Os magistrados brasileiros não querem expor as razões pelas quais declaram-se suspeitos para julgar determinados casos por motivo de "foro íntimo". É o que indica enquete realizada pela Associação dos Magistrados Brasileiros (AMB), cujo resultado foi divulgado nesta semana. Lançada no portal da entidade na internet (www.amb.com.br) em junho de 2009 e encerrada na última segunda-feira, a pesquisa mostra que 71,32% dos 1.384 votantes não concordam com a norma que exige do magistrado a exposição de motivos para a declaração de suspeição por razão de foro íntimo.
A exigência da justificativa por parte de juízes e desembargadores foi determinada pelo Conselho Nacional de Justiça (CNJ), na Resolução n.º 82, em junho do ano passado. Em agosto, contudo, ao analisar Mandado de Segurança (n.º 28.089) impetrado por um desembargador do Distrito Federal, o ministro Joaquim Barbosa, do Supremo Tribunal Federal (STF), suspendeu liminarmente a Resolução o processo segue em trâmite.
Na decisão liminar, o ministro cita dados da Corregedoria Nacional de Justiça, segundo os quais "a declaração de suspeição revelou-se um mecanismo utilizado por alguns magistrados para evitar o aumento de processos a eles distribuídos, ou mesmo direcionar a distribuição, ferindo o princípio do Juiz Natural". Ainda assim, para Barbosa, a norma do CNJ pode "mitigar a independência do julgador".

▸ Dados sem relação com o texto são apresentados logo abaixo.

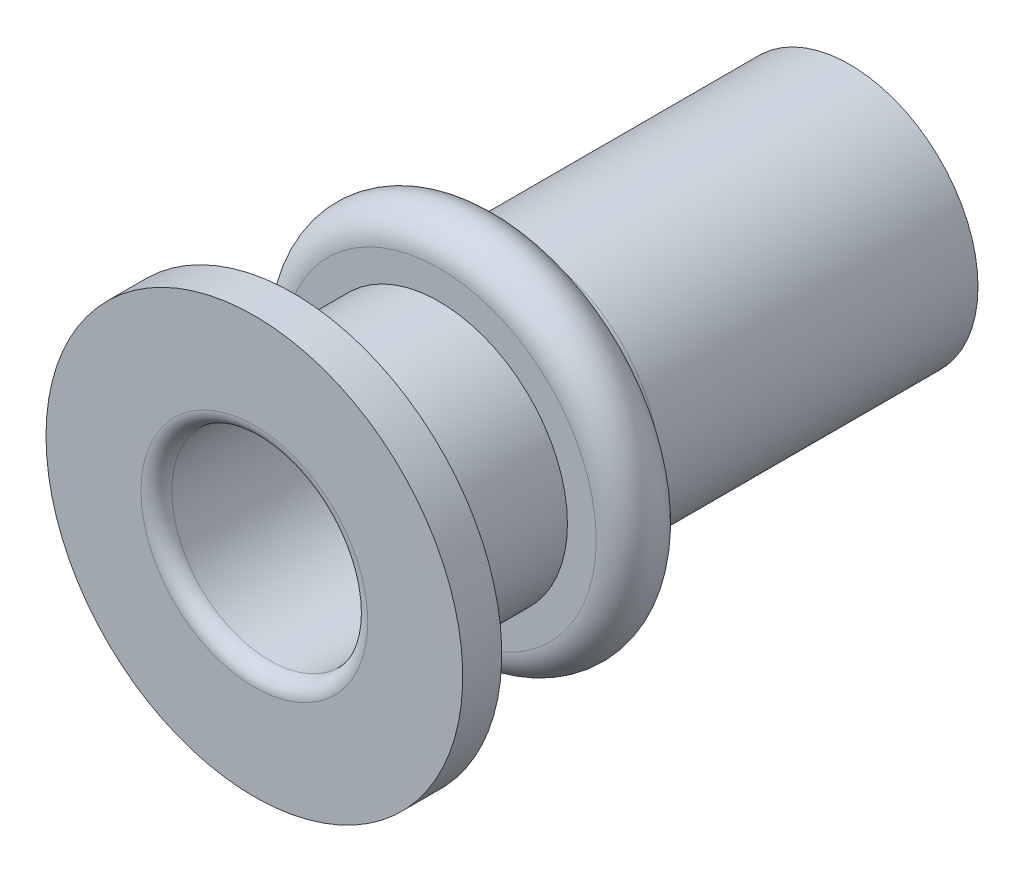
ISO-10303-21;
HEADER;
FILE_DESCRIPTION(('STEP AP214'),'2;1');
FILE_NAME('part.step','',(''),(''),'','','');
FILE_SCHEMA(('AUTOMOTIVE_DESIGN { 1 0 10303 214 1 1 1 1 }'));
ENDSEC;
DATA;
#1=APPLICATION_CONTEXT('core data for automotive mechanical design processes');
#2=APPLICATION_PROTOCOL_DEFINITION('international standard','automotive_design',2000,#1);
#3=PRODUCT_CONTEXT('',#1,'mechanical');
#4=PRODUCT('Part','Part','',(#3));
#5=PRODUCT_RELATED_PRODUCT_CATEGORY('part','',(#4));
#6=PRODUCT_DEFINITION_FORMATION('','',#4);
#7=PRODUCT_DEFINITION_CONTEXT('part definition',#1,'design');
#8=PRODUCT_DEFINITION('design','',#6,#7);
#9=PRODUCT_DEFINITION_SHAPE('','',#8);
#10=(LENGTH_UNIT() NAMED_UNIT(*) SI_UNIT(.MILLI.,.METRE.));
#11=(NAMED_UNIT(*) PLANE_ANGLE_UNIT() SI_UNIT($,.RADIAN.));
#12=(NAMED_UNIT(*) SI_UNIT($,.STERADIAN.) SOLID_ANGLE_UNIT());
#13=UNCERTAINTY_MEASURE_WITH_UNIT(LENGTH_MEASURE(1.E-05),#10,'distance_accuracy_value','');
#14=(GEOMETRIC_REPRESENTATION_CONTEXT(3) GLOBAL_UNCERTAINTY_ASSIGNED_CONTEXT((#13)) GLOBAL_UNIT_ASSIGNED_CONTEXT((#10,
#11,#12)) REPRESENTATION_CONTEXT('',''));
#15=CARTESIAN_POINT('',(0.,0.,0.));
#16=DIRECTION('',(0.,0.,1.));
#17=DIRECTION('',(1.,0.,0.));
#18=AXIS2_PLACEMENT_3D('',#15,#16,#17);
#19=CARTESIAN_POINT('',(0.,0.,2.82501387074931));
#20=DIRECTION('',(0.,0.,-1.));
#21=DIRECTION('',(-1.,0.,0.));
#22=AXIS2_PLACEMENT_3D('',#19,#20,#21);
#23=CYLINDRICAL_SURFACE('',#22,5.1562);
#24=CARTESIAN_POINT('',(0.,0.,0.));
#25=DIRECTION('',(0.,0.,-1.));
#26=DIRECTION('',(-1.,0.,0.));
#27=AXIS2_PLACEMENT_3D('',#24,#25,#26);
#28=CIRCLE('',#27,5.1562);
#29=CARTESIAN_POINT('',(-5.1562,0.,0.));
#30=VERTEX_POINT('',#29);
#31=EDGE_CURVE('E81',#30,#30,#28,.T.);
#32=ORIENTED_EDGE('',*,*,#31,.T.);
#33=EDGE_LOOP('',(#32));
#34=FACE_BOUND('',#33,.T.);
#35=CARTESIAN_POINT('',(0.,0.,-0.9652));
#36=DIRECTION('',(0.,0.,-1.));
#37=DIRECTION('',(-1.,0.,0.));
#38=AXIS2_PLACEMENT_3D('',#35,#36,#37);
#39=CIRCLE('',#38,5.1562);
#40=CARTESIAN_POINT('',(-5.1562,0.,-0.9652));
#41=VERTEX_POINT('',#40);
#42=EDGE_CURVE('E10',#41,#41,#39,.T.);
#43=ORIENTED_EDGE('',*,*,#42,.F.);
#44=EDGE_LOOP('',(#43));
#45=FACE_BOUND('',#44,.T.);
#46=ADVANCED_FACE('F32',(#34,#45),#23,.T.);
#47=CARTESIAN_POINT('',(0.,5.1562,-0.9652));
#48=DIRECTION('',(0.,0.,-1.));
#49=DIRECTION('',(-1.,0.,0.));
#50=AXIS2_PLACEMENT_3D('',#47,#48,#49);
#51=PLANE('',#50);
#52=ORIENTED_EDGE('',*,*,#42,.T.);
#53=EDGE_LOOP('',(#52));
#54=FACE_BOUND('',#53,.T.);
#55=CARTESIAN_POINT('',(0.,0.,-0.9652));
#56=DIRECTION('',(0.,0.,-1.));
#57=DIRECTION('',(-1.,0.,0.));
#58=AXIS2_PLACEMENT_3D('',#55,#56,#57);
#59=CIRCLE('',#58,3.175);
#60=CARTESIAN_POINT('',(-3.175,0.,-0.9652));
#61=VERTEX_POINT('',#60);
#62=EDGE_CURVE('E38',#61,#61,#59,.T.);
#63=ORIENTED_EDGE('',*,*,#62,.F.);
#64=EDGE_LOOP('',(#63));
#65=FACE_BOUND('',#64,.T.);
#66=ADVANCED_FACE('F99',(#54,#65),#51,.T.);
#67=CARTESIAN_POINT('',(0.,0.,2.82501387074931));
#68=DIRECTION('',(0.,0.,-1.));
#69=DIRECTION('',(-1.,0.,0.));
#70=AXIS2_PLACEMENT_3D('',#67,#68,#69);
#71=CYLINDRICAL_SURFACE('',#70,3.175);
#72=ORIENTED_EDGE('',*,*,#62,.T.);
#73=EDGE_LOOP('',(#72));
#74=FACE_BOUND('',#73,.T.);
#75=CARTESIAN_POINT('',(0.,0.,-4.572));
#76=DIRECTION('',(0.,0.,-1.));
#77=DIRECTION('',(-1.,0.,0.));
#78=AXIS2_PLACEMENT_3D('',#75,#76,#77);
#79=CIRCLE('',#78,3.175);
#80=CARTESIAN_POINT('',(-3.175,0.,-4.572));
#81=VERTEX_POINT('',#80);
#82=EDGE_CURVE('E42',#81,#81,#79,.T.);
#83=ORIENTED_EDGE('',*,*,#82,.F.);
#84=EDGE_LOOP('',(#83));
#85=FACE_BOUND('',#84,.T.);
#86=ADVANCED_FACE('F103',(#74,#85),#71,.T.);
#87=CARTESIAN_POINT('',(0.,3.175,-4.572));
#88=DIRECTION('',(0.,0.,1.));
#89=DIRECTION('',(1.,0.,0.));
#90=AXIS2_PLACEMENT_3D('',#87,#88,#89);
#91=PLANE('',#90);
#92=ORIENTED_EDGE('',*,*,#82,.T.);
#93=EDGE_LOOP('',(#92));
#94=FACE_BOUND('',#93,.T.);
#95=CARTESIAN_POINT('',(0.,0.,-4.572));
#96=DIRECTION('',(0.,0.,-1.));
#97=DIRECTION('',(-1.,0.,0.));
#98=AXIS2_PLACEMENT_3D('',#95,#96,#97);
#99=CIRCLE('',#98,3.88620000000002);
#100=CARTESIAN_POINT('',(-3.88620000000002,0.,-4.572));
#101=VERTEX_POINT('',#100);
#102=EDGE_CURVE('E46',#101,#101,#99,.T.);
#103=ORIENTED_EDGE('',*,*,#102,.F.);
#104=EDGE_LOOP('',(#103));
#105=FACE_BOUND('',#104,.T.);
#106=ADVANCED_FACE('F107',(#94,#105),#91,.T.);
#107=CARTESIAN_POINT('',(0.,0.,-5.334));
#108=DIRECTION('',(0.,0.,-1.));
#109=DIRECTION('',(-1.,0.,0.));
#110=AXIS2_PLACEMENT_3D('',#107,#108,#109);
#111=TOROIDAL_SURFACE('',#110,3.88620000000002,0.762000000000001);
#112=ORIENTED_EDGE('',*,*,#102,.T.);
#113=EDGE_LOOP('',(#112));
#114=FACE_BOUND('',#113,.T.);
#115=CARTESIAN_POINT('',(0.,0.,-6.096));
#116=DIRECTION('',(0.,0.,-1.));
#117=DIRECTION('',(-1.,0.,0.));
#118=AXIS2_PLACEMENT_3D('',#115,#116,#117);
#119=CIRCLE('',#118,3.88620000000002);
#120=CARTESIAN_POINT('',(-3.88620000000002,0.,-6.096));
#121=VERTEX_POINT('',#120);
#122=EDGE_CURVE('E51',#121,#121,#119,.T.);
#123=ORIENTED_EDGE('',*,*,#122,.F.);
#124=EDGE_LOOP('',(#123));
#125=FACE_BOUND('',#124,.T.);
#126=ADVANCED_FACE('F113',(#114,#125),#111,.T.);
#127=CARTESIAN_POINT('',(0.,3.88620000000002,-6.096));
#128=DIRECTION('',(0.,0.,1.));
#129=DIRECTION('',(1.,0.,0.));
#130=AXIS2_PLACEMENT_3D('',#127,#128,#129);
#131=PLANE('',#130);
#132=ORIENTED_EDGE('',*,*,#122,.T.);
#133=EDGE_LOOP('',(#132));
#134=FACE_BOUND('',#133,.T.);
#135=CARTESIAN_POINT('',(0.,0.,-6.096));
#136=DIRECTION('',(0.,0.,-1.));
#137=DIRECTION('',(-1.,0.,0.));
#138=AXIS2_PLACEMENT_3D('',#135,#136,#137);
#139=CIRCLE('',#138,3.93699999999999);
#140=CARTESIAN_POINT('',(-3.93699999999999,0.,-6.096));
#141=VERTEX_POINT('',#140);
#142=EDGE_CURVE('E54',#141,#141,#139,.T.);
#143=ORIENTED_EDGE('',*,*,#142,.F.);
#144=EDGE_LOOP('',(#143));
#145=FACE_BOUND('',#144,.T.);
#146=ADVANCED_FACE('F117',(#134,#145),#131,.T.);
#147=CARTESIAN_POINT('',(0.,0.,-6.858));
#148=DIRECTION('',(0.,0.,-1.));
#149=DIRECTION('',(-1.,0.,0.));
#150=AXIS2_PLACEMENT_3D('',#147,#148,#149);
#151=TOROIDAL_SURFACE('',#150,3.93699999999999,0.761999999999999);
#152=ORIENTED_EDGE('',*,*,#142,.T.);
#153=EDGE_LOOP('',(#152));
#154=FACE_BOUND('',#153,.T.);
#155=CARTESIAN_POINT('',(0.,0.,-6.858));
#156=DIRECTION('',(0.,0.,-1.));
#157=DIRECTION('',(-1.,0.,0.));
#158=AXIS2_PLACEMENT_3D('',#155,#156,#157);
#159=CIRCLE('',#158,3.17499999999999);
#160=CARTESIAN_POINT('',(-3.17499999999999,0.,-6.858));
#161=VERTEX_POINT('',#160);
#162=EDGE_CURVE('E57',#161,#161,#159,.T.);
#163=ORIENTED_EDGE('',*,*,#162,.F.);
#164=EDGE_LOOP('',(#163));
#165=FACE_BOUND('',#164,.T.);
#166=ADVANCED_FACE('F121',(#154,#165),#151,.F.);
#167=CARTESIAN_POINT('',(0.,0.,2.82501387074931));
#168=DIRECTION('',(0.,0.,-1.));
#169=DIRECTION('',(-1.,0.,0.));
#170=AXIS2_PLACEMENT_3D('',#167,#168,#169);
#171=CYLINDRICAL_SURFACE('',#170,3.175);
#172=ORIENTED_EDGE('',*,*,#162,.T.);
#173=EDGE_LOOP('',(#172));
#174=FACE_BOUND('',#173,.T.);
#175=CARTESIAN_POINT('',(0.,0.,-14.732));
#176=DIRECTION('',(0.,0.,-1.));
#177=DIRECTION('',(-1.,0.,0.));
#178=AXIS2_PLACEMENT_3D('',#175,#176,#177);
#179=CIRCLE('',#178,3.175);
#180=CARTESIAN_POINT('',(-3.175,0.,-14.732));
#181=VERTEX_POINT('',#180);
#182=EDGE_CURVE('E60',#181,#181,#179,.T.);
#183=ORIENTED_EDGE('',*,*,#182,.F.);
#184=EDGE_LOOP('',(#183));
#185=FACE_BOUND('',#184,.T.);
#186=ADVANCED_FACE('F125',(#174,#185),#171,.T.);
#187=CARTESIAN_POINT('',(0.,2.4257,-14.732));
#188=DIRECTION('',(0.,0.,-1.));
#189=DIRECTION('',(-1.,0.,0.));
#190=AXIS2_PLACEMENT_3D('',#187,#188,#189);
#191=PLANE('',#190);
#192=ORIENTED_EDGE('',*,*,#182,.T.);
#193=EDGE_LOOP('',(#192));
#194=FACE_BOUND('',#193,.T.);
#195=CARTESIAN_POINT('',(0.,0.,-14.732));
#196=DIRECTION('',(0.,0.,-1.));
#197=DIRECTION('',(-1.,0.,0.));
#198=AXIS2_PLACEMENT_3D('',#195,#196,#197);
#199=CIRCLE('',#198,2.4257);
#200=CARTESIAN_POINT('',(-2.4257,0.,-14.732));
#201=VERTEX_POINT('',#200);
#202=EDGE_CURVE('E63',#201,#201,#199,.T.);
#203=ORIENTED_EDGE('',*,*,#202,.F.);
#204=EDGE_LOOP('',(#203));
#205=FACE_BOUND('',#204,.T.);
#206=ADVANCED_FACE('F129',(#194,#205),#191,.T.);
#207=CARTESIAN_POINT('',(0.,0.,-14.4973648506013));
#208=DIRECTION('',(0.,0.,-1.));
#209=DIRECTION('',(-1.,0.,0.));
#210=AXIS2_PLACEMENT_3D('',#207,#208,#209);
#211=CONICAL_SURFACE('',#210,2.0193,1.0471975511966);
#212=ORIENTED_EDGE('',*,*,#202,.T.);
#213=EDGE_LOOP('',(#212));
#214=FACE_BOUND('',#213,.T.);
#215=CARTESIAN_POINT('',(0.,0.,-14.4973648506013));
#216=DIRECTION('',(0.,0.,-1.));
#217=DIRECTION('',(-1.,0.,0.));
#218=AXIS2_PLACEMENT_3D('',#215,#216,#217);
#219=CIRCLE('',#218,2.0193);
#220=CARTESIAN_POINT('',(-2.0193,0.,-14.4973648506013));
#221=VERTEX_POINT('',#220);
#222=EDGE_CURVE('E66',#221,#221,#219,.T.);
#223=ORIENTED_EDGE('',*,*,#222,.F.);
#224=EDGE_LOOP('',(#223));
#225=FACE_BOUND('',#224,.T.);
#226=ADVANCED_FACE('F133',(#214,#225),#211,.F.);
#227=CARTESIAN_POINT('',(0.,0.,2.82501387074931));
#228=DIRECTION('',(0.,0.,-1.));
#229=DIRECTION('',(-1.,0.,0.));
#230=AXIS2_PLACEMENT_3D('',#227,#228,#229);
#231=CYLINDRICAL_SURFACE('',#230,2.0193);
#232=ORIENTED_EDGE('',*,*,#222,.T.);
#233=EDGE_LOOP('',(#232));
#234=FACE_BOUND('',#233,.T.);
#235=CARTESIAN_POINT('',(0.,0.,-7.09263514939866));
#236=DIRECTION('',(0.,0.,-1.));
#237=DIRECTION('',(-1.,0.,0.));
#238=AXIS2_PLACEMENT_3D('',#235,#236,#237);
#239=CIRCLE('',#238,2.0193);
#240=CARTESIAN_POINT('',(-2.0193,0.,-7.09263514939866));
#241=VERTEX_POINT('',#240);
#242=EDGE_CURVE('E69',#241,#241,#239,.T.);
#243=ORIENTED_EDGE('',*,*,#242,.F.);
#244=EDGE_LOOP('',(#243));
#245=FACE_BOUND('',#244,.T.);
#246=ADVANCED_FACE('F137',(#234,#245),#231,.F.);
#247=CARTESIAN_POINT('',(0.,0.,-6.858));
#248=DIRECTION('',(0.,0.,1.));
#249=DIRECTION('',(1.,0.,0.));
#250=AXIS2_PLACEMENT_3D('',#247,#248,#249);
#251=CONICAL_SURFACE('',#250,2.4257,1.0471975511966);
#252=ORIENTED_EDGE('',*,*,#242,.T.);
#253=EDGE_LOOP('',(#252));
#254=FACE_BOUND('',#253,.T.);
#255=CARTESIAN_POINT('',(0.,0.,-6.858));
#256=DIRECTION('',(0.,0.,-1.));
#257=DIRECTION('',(-1.,0.,0.));
#258=AXIS2_PLACEMENT_3D('',#255,#256,#257);
#259=CIRCLE('',#258,2.4257);
#260=CARTESIAN_POINT('',(-2.4257,0.,-6.858));
#261=VERTEX_POINT('',#260);
#262=EDGE_CURVE('E72',#261,#261,#259,.T.);
#263=ORIENTED_EDGE('',*,*,#262,.F.);
#264=EDGE_LOOP('',(#263));
#265=FACE_BOUND('',#264,.T.);
#266=ADVANCED_FACE('F141',(#254,#265),#251,.F.);
#267=CARTESIAN_POINT('',(0.,0.,2.82501387074931));
#268=DIRECTION('',(0.,0.,-1.));
#269=DIRECTION('',(-1.,0.,0.));
#270=AXIS2_PLACEMENT_3D('',#267,#268,#269);
#271=CYLINDRICAL_SURFACE('',#270,2.4257);
#272=ORIENTED_EDGE('',*,*,#262,.T.);
#273=EDGE_LOOP('',(#272));
#274=FACE_BOUND('',#273,.T.);
#275=CARTESIAN_POINT('',(0.,0.,-0.381000000000003));
#276=DIRECTION('',(0.,0.,-1.));
#277=DIRECTION('',(-1.,0.,0.));
#278=AXIS2_PLACEMENT_3D('',#275,#276,#277);
#279=CIRCLE('',#278,2.4257);
#280=CARTESIAN_POINT('',(-2.4257,0.,-0.381000000000003));
#281=VERTEX_POINT('',#280);
#282=EDGE_CURVE('E75',#281,#281,#279,.T.);
#283=ORIENTED_EDGE('',*,*,#282,.F.);
#284=EDGE_LOOP('',(#283));
#285=FACE_BOUND('',#284,.T.);
#286=ADVANCED_FACE('F95',(#274,#285),#271,.F.);
#287=CARTESIAN_POINT('',(0.,0.,-0.381));
#288=DIRECTION('',(0.,0.,-1.));
#289=DIRECTION('',(-1.,0.,0.));
#290=AXIS2_PLACEMENT_3D('',#287,#288,#289);
#291=TOROIDAL_SURFACE('',#290,2.8067,0.381);
#292=ORIENTED_EDGE('',*,*,#282,.T.);
#293=EDGE_LOOP('',(#292));
#294=FACE_BOUND('',#293,.T.);
#295=CARTESIAN_POINT('',(0.,0.,0.));
#296=DIRECTION('',(0.,0.,-1.));
#297=DIRECTION('',(-1.,0.,0.));
#298=AXIS2_PLACEMENT_3D('',#295,#296,#297);
#299=CIRCLE('',#298,2.8067);
#300=CARTESIAN_POINT('',(-2.8067,0.,0.));
#301=VERTEX_POINT('',#300);
#302=EDGE_CURVE('E78',#301,#301,#299,.T.);
#303=ORIENTED_EDGE('',*,*,#302,.F.);
#304=EDGE_LOOP('',(#303));
#305=FACE_BOUND('',#304,.T.);
#306=ADVANCED_FACE('F89',(#294,#305),#291,.T.);
#307=CARTESIAN_POINT('',(0.,2.8067,0.));
#308=DIRECTION('',(0.,0.,1.));
#309=DIRECTION('',(1.,0.,0.));
#310=AXIS2_PLACEMENT_3D('',#307,#308,#309);
#311=PLANE('',#310);
#312=ORIENTED_EDGE('',*,*,#302,.T.);
#313=EDGE_LOOP('',(#312));
#314=FACE_BOUND('',#313,.T.);
#315=ORIENTED_EDGE('',*,*,#31,.F.);
#316=EDGE_LOOP('',(#315));
#317=FACE_BOUND('',#316,.T.);
#318=ADVANCED_FACE('F87',(#314,#317),#311,.T.);
#319=CLOSED_SHELL('',(#46,#66,#86,#106,#126,#146,#166,#186,#206,#226,#246,#266,#286,#306,#318));
#320=MANIFOLD_SOLID_BREP('B2',#319);
#321=ADVANCED_BREP_SHAPE_REPRESENTATION('',(#18,#320),#14);
#322=SHAPE_DEFINITION_REPRESENTATION(#9,#321);
ENDSEC;
END-ISO-10303-21;

Para o presidente da Associação dos Magistrados do Paraná (Amapar), desembargador Miguel Kfouri Neto, o motivo de foro íntimo diz respeito à privacidade do juiz e não deve ser declarado. Em relação à possibilidade de algum magistrado se utilizar desse mecanismo para se esquivar de processos e ter menos trabalho, Kfouri Neto afirma que é o tribunal quem deve tomar medidas ao constatar a prática reiterada. "No Paraná não há esse problema: quando o magistrado se dá por suspeito em um processo, recebe outro para julgar", explica.
"Confessionário"
Segundo o presidente da Comissão de Prerrogativas da AMB, Jorge Massad, a Resolução do CNJ afronta a legislação. "Na medida em que o CNJ vai contra o Código de Processo Civil e contra regras que garantem o bom exercício da atividade judicante, não hesitaremos em assumir um posicionamento combativo", disse. De fato, a magistratura vem se mostrando resistente à norma do Conselho Nacional de Justiça desde que ela foi editada.
Em agosto do ano passado, ao lado da Associação Nacional dos Magistrados da Justiça do Trabalho (Anamatra) e da Associação dos Juízes Federais do Brasil (Ajufe), a AMB impetrou outro Mandado de Segurança (n.º 28.215), também pendente de decisão final, contra a norma do CNJ, alegando que ela "viola direitos líquidos e certos dos magistrados".
A exposição de motivos determinada pelo Conselho não seria aberta ao público, mas sigilosa, direcionada exclusivamente à Corregedoria de Justiça ou ao próprio CNJ. Ainda assim, nos termos do MS impetrado pelas entidades de magistrados, a Resolução ofende várias das garantias constitucionais dos juízes e desembargadores, "uma vez que impõe aos magistrados de primeira e segunda instâncias espécie de confessionário dos motivos de foro íntimo que os levam, eventualmente, a declarar suspeição para julgar determinados feitos".